→ WHAT TO DO
All of the records that follow need to be copied word for word, without the pictures.

+-------+

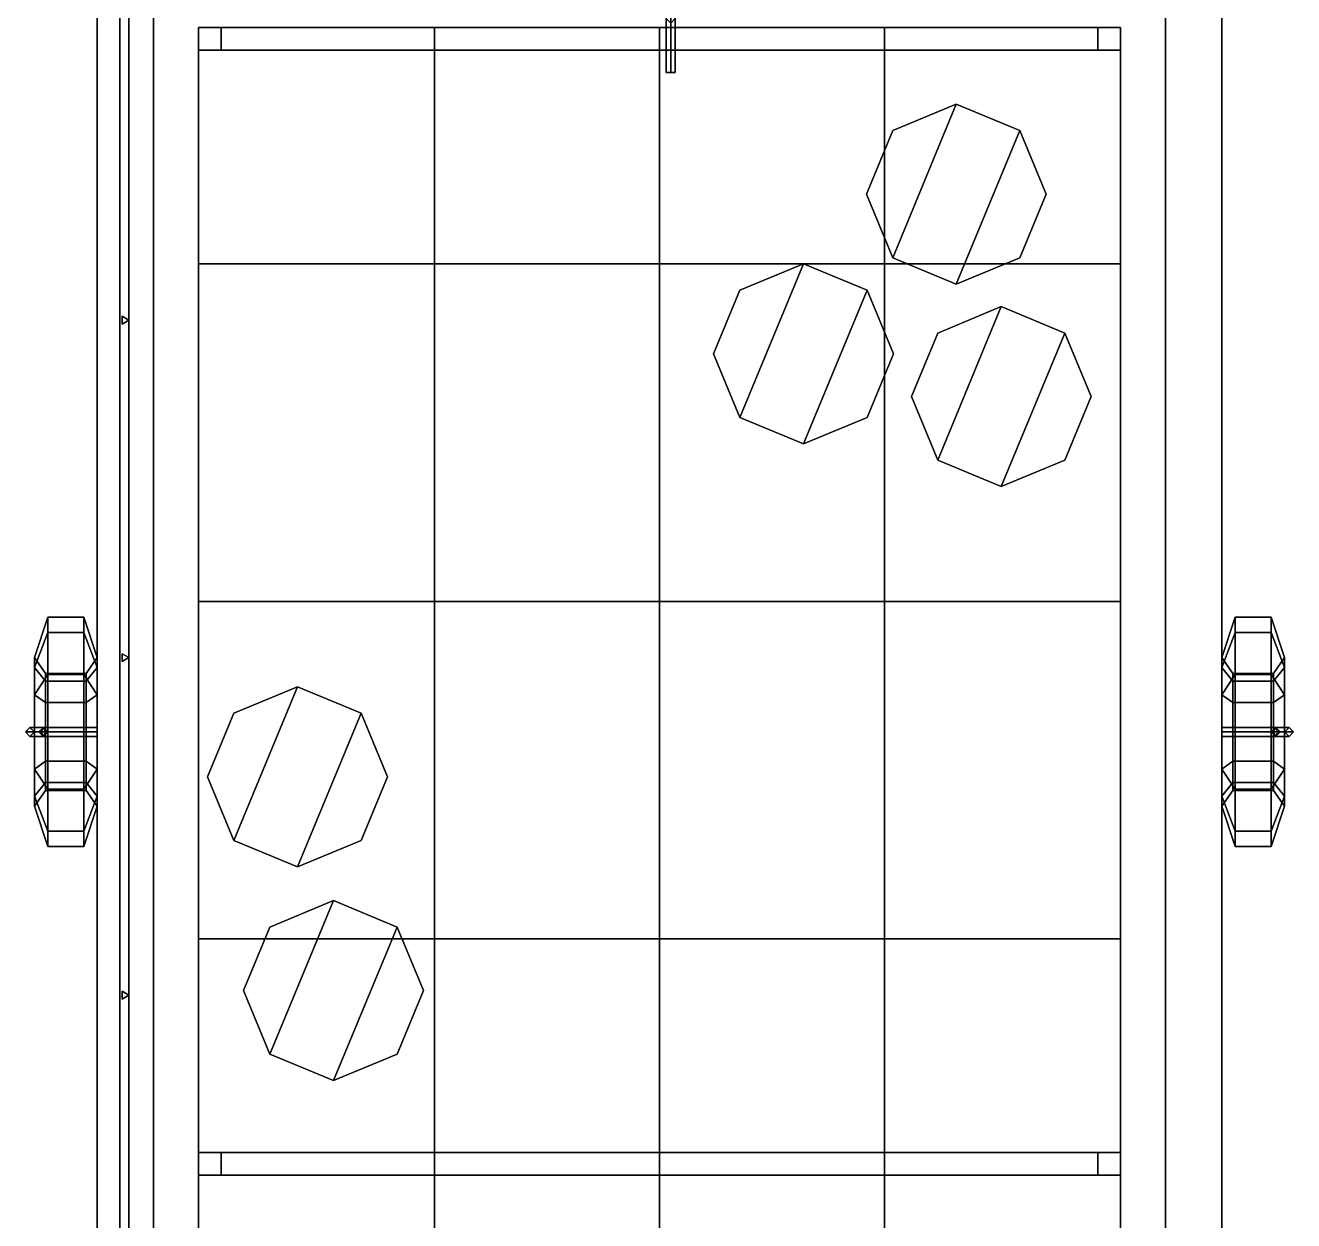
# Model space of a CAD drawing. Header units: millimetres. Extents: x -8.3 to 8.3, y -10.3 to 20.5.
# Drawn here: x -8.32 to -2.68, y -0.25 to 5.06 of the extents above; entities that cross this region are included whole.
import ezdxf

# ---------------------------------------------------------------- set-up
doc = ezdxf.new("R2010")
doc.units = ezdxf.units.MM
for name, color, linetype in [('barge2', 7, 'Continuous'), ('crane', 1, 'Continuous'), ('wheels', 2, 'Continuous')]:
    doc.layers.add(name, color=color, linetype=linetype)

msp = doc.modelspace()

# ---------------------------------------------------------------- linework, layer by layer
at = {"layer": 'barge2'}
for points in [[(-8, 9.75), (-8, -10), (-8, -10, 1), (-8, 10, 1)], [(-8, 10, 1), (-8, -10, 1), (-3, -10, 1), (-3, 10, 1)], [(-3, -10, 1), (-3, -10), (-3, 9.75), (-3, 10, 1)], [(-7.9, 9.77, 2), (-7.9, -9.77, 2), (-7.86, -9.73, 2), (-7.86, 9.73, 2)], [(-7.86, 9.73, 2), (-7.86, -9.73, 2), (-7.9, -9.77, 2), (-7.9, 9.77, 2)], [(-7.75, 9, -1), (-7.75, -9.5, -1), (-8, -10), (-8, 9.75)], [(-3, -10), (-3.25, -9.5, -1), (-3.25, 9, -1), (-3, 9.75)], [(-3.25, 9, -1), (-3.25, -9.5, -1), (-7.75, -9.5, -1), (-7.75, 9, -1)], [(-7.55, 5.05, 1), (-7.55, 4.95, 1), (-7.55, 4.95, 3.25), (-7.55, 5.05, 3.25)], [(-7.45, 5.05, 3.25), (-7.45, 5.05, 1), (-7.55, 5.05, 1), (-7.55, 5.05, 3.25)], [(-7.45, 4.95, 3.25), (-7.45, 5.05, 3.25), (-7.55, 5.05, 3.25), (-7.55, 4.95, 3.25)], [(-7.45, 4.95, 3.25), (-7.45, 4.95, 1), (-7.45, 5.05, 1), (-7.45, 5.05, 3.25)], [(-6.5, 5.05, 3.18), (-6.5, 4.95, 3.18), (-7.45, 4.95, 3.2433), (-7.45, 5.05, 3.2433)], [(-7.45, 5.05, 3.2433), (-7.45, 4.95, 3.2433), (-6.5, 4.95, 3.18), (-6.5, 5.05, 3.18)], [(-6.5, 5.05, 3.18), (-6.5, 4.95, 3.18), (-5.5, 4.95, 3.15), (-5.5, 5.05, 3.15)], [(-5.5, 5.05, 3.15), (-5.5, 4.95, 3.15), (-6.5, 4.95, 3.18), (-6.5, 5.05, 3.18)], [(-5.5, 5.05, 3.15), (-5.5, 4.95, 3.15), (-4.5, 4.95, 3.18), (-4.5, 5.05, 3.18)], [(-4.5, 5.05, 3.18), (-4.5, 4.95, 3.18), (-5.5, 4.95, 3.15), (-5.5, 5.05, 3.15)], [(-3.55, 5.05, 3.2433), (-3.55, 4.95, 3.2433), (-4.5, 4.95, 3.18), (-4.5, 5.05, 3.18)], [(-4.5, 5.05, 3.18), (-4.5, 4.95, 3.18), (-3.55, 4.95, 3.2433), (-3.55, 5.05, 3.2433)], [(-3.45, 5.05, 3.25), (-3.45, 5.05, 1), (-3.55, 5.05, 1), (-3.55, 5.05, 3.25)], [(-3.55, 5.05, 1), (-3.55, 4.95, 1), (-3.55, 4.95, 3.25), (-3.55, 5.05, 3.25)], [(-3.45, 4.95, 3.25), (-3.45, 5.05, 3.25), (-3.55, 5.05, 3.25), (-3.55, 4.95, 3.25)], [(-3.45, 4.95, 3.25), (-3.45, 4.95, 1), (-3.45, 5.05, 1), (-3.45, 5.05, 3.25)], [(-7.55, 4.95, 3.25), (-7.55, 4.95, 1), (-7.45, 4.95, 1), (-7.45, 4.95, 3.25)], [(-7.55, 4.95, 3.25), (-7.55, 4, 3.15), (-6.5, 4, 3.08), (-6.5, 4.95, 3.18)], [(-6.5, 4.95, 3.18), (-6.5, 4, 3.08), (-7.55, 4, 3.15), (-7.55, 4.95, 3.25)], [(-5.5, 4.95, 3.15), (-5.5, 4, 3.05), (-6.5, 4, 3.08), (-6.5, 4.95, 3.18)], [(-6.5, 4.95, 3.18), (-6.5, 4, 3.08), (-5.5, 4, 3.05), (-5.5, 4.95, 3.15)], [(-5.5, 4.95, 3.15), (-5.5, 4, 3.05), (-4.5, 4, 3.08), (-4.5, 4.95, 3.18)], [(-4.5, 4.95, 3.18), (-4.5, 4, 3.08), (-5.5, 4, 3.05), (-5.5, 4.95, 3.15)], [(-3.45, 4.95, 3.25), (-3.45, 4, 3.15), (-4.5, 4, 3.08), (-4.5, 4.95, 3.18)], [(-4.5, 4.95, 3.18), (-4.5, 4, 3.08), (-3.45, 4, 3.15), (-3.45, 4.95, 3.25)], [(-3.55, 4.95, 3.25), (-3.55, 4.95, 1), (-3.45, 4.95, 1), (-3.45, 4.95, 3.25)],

+-------+

→ RESULT OF THE TASK
# Model space of a CAD drawing. Header units: millimetres. Extents: x -8.3 to 8.3, y -10.3 to 20.5.
# Drawn here: x -8.32 to -2.68, y -0.25 to 5.06 of the extents above; entities that cross this region are included whole.
import ezdxf

# ---------------------------------------------------------------- set-up
doc = ezdxf.new("R2010")
doc.units = ezdxf.units.MM
for name, color, linetype in [('barge2', 7, 'Continuous'), ('crane', 1, 'Continuous'), ('wheels', 2, 'Continuous')]:
    doc.layers.add(name, color=color, linetype=linetype)

msp = doc.modelspace()

# ---------------------------------------------------------------- linework, layer by layer
at = {"layer": 'barge2'}
for points in [[(-8, 9.75), (-8, -10), (-8, -10, 1), (-8, 10, 1)], [(-8, 10, 1), (-8, -10, 1), (-3, -10, 1), (-3, 10, 1)], [(-3, -10, 1), (-3, -10), (-3, 9.75), (-3, 10, 1)], [(-7.9, 9.77, 2), (-7.9, -9.77, 2), (-7.86, -9.73, 2), (-7.86, 9.73, 2)], [(-7.86, 9.73, 2), (-7.86, -9.73, 2), (-7.9, -9.77, 2), (-7.9, 9.77, 2)], [(-7.75, 9, -1), (-7.75, -9.5, -1), (-8, -10), (-8, 9.75)], [(-3, -10), (-3.25, -9.5, -1), (-3.25, 9, -1), (-3, 9.75)], [(-3.25, 9, -1), (-3.25, -9.5, -1), (-7.75, -9.5, -1), (-7.75, 9, -1)], [(-7.55, 5.05, 1), (-7.55, 4.95, 1), (-7.55, 4.95, 3.25), (-7.55, 5.05, 3.25)], [(-7.45, 5.05, 3.25), (-7.45, 5.05, 1), (-7.55, 5.05, 1), (-7.55, 5.05, 3.25)], [(-7.45, 4.95, 3.25), (-7.45, 5.05, 3.25), (-7.55, 5.05, 3.25), (-7.55, 4.95, 3.25)], [(-7.45, 4.95, 3.25), (-7.45, 4.95, 1), (-7.45, 5.05, 1), (-7.45, 5.05, 3.25)], [(-6.5, 5.05, 3.18), (-6.5, 4.95, 3.18), (-7.45, 4.95, 3.2433), (-7.45, 5.05, 3.2433)], [(-7.45, 5.05, 3.2433), (-7.45, 4.95, 3.2433), (-6.5, 4.95, 3.18), (-6.5, 5.05, 3.18)], [(-6.5, 5.05, 3.18), (-6.5, 4.95, 3.18), (-5.5, 4.95, 3.15), (-5.5, 5.05, 3.15)], [(-5.5, 5.05, 3.15), (-5.5, 4.95, 3.15), (-6.5, 4.95, 3.18), (-6.5, 5.05, 3.18)], [(-5.5, 5.05, 3.15), (-5.5, 4.95, 3.15), (-4.5, 4.95, 3.18), (-4.5, 5.05, 3.18)], [(-4.5, 5.05, 3.18), (-4.5, 4.95, 3.18), (-5.5, 4.95, 3.15), (-5.5, 5.05, 3.15)], [(-3.55, 5.05, 3.2433), (-3.55, 4.95, 3.2433), (-4.5, 4.95, 3.18), (-4.5, 5.05, 3.18)], [(-4.5, 5.05, 3.18), (-4.5, 4.95, 3.18), (-3.55, 4.95, 3.2433), (-3.55, 5.05, 3.2433)], [(-3.45, 5.05, 3.25), (-3.45, 5.05, 1), (-3.55, 5.05, 1), (-3.55, 5.05, 3.25)], [(-3.55, 5.05, 1), (-3.55, 4.95, 1), (-3.55, 4.95, 3.25), (-3.55, 5.05, 3.25)], [(-3.45, 4.95, 3.25), (-3.45, 5.05, 3.25), (-3.55, 5.05, 3.25), (-3.55, 4.95, 3.25)], [(-3.45, 4.95, 3.25), (-3.45, 4.95, 1), (-3.45, 5.05, 1), (-3.45, 5.05, 3.25)], [(-7.55, 4.95, 3.25), (-7.55, 4.95, 1), (-7.45, 4.95, 1), (-7.45, 4.95, 3.25)], [(-7.55, 4.95, 3.25), (-7.55, 4, 3.15), (-6.5, 4, 3.08), (-6.5, 4.95, 3.18)], [(-6.5, 4.95, 3.18), (-6.5, 4, 3.08), (-7.55, 4, 3.15), (-7.55, 4.95, 3.25)], [(-5.5, 4.95, 3.15), (-5.5, 4, 3.05), (-6.5, 4, 3.08), (-6.5, 4.95, 3.18)], [(-6.5, 4.95, 3.18), (-6.5, 4, 3.08), (-5.5, 4, 3.05), (-5.5, 4.95, 3.15)], [(-5.5, 4.95, 3.15), (-5.5, 4, 3.05), (-4.5, 4, 3.08), (-4.5, 4.95, 3.18)], [(-4.5, 4.95, 3.18), (-4.5, 4, 3.08), (-5.5, 4, 3.05), (-5.5, 4.95, 3.15)], [(-3.45, 4.95, 3.25), (-3.45, 4, 3.15), (-4.5, 4, 3.08), (-4.5, 4.95, 3.18)], [(-4.5, 4.95, 3.18), (-4.5, 4, 3.08), (-3.45, 4, 3.15), (-3.45, 4.95, 3.25)], [(-3.55, 4.95, 3.25), (-3.55, 4.95, 1), (-3.45, 4.95, 1), (-3.45, 4.95, 3.25)],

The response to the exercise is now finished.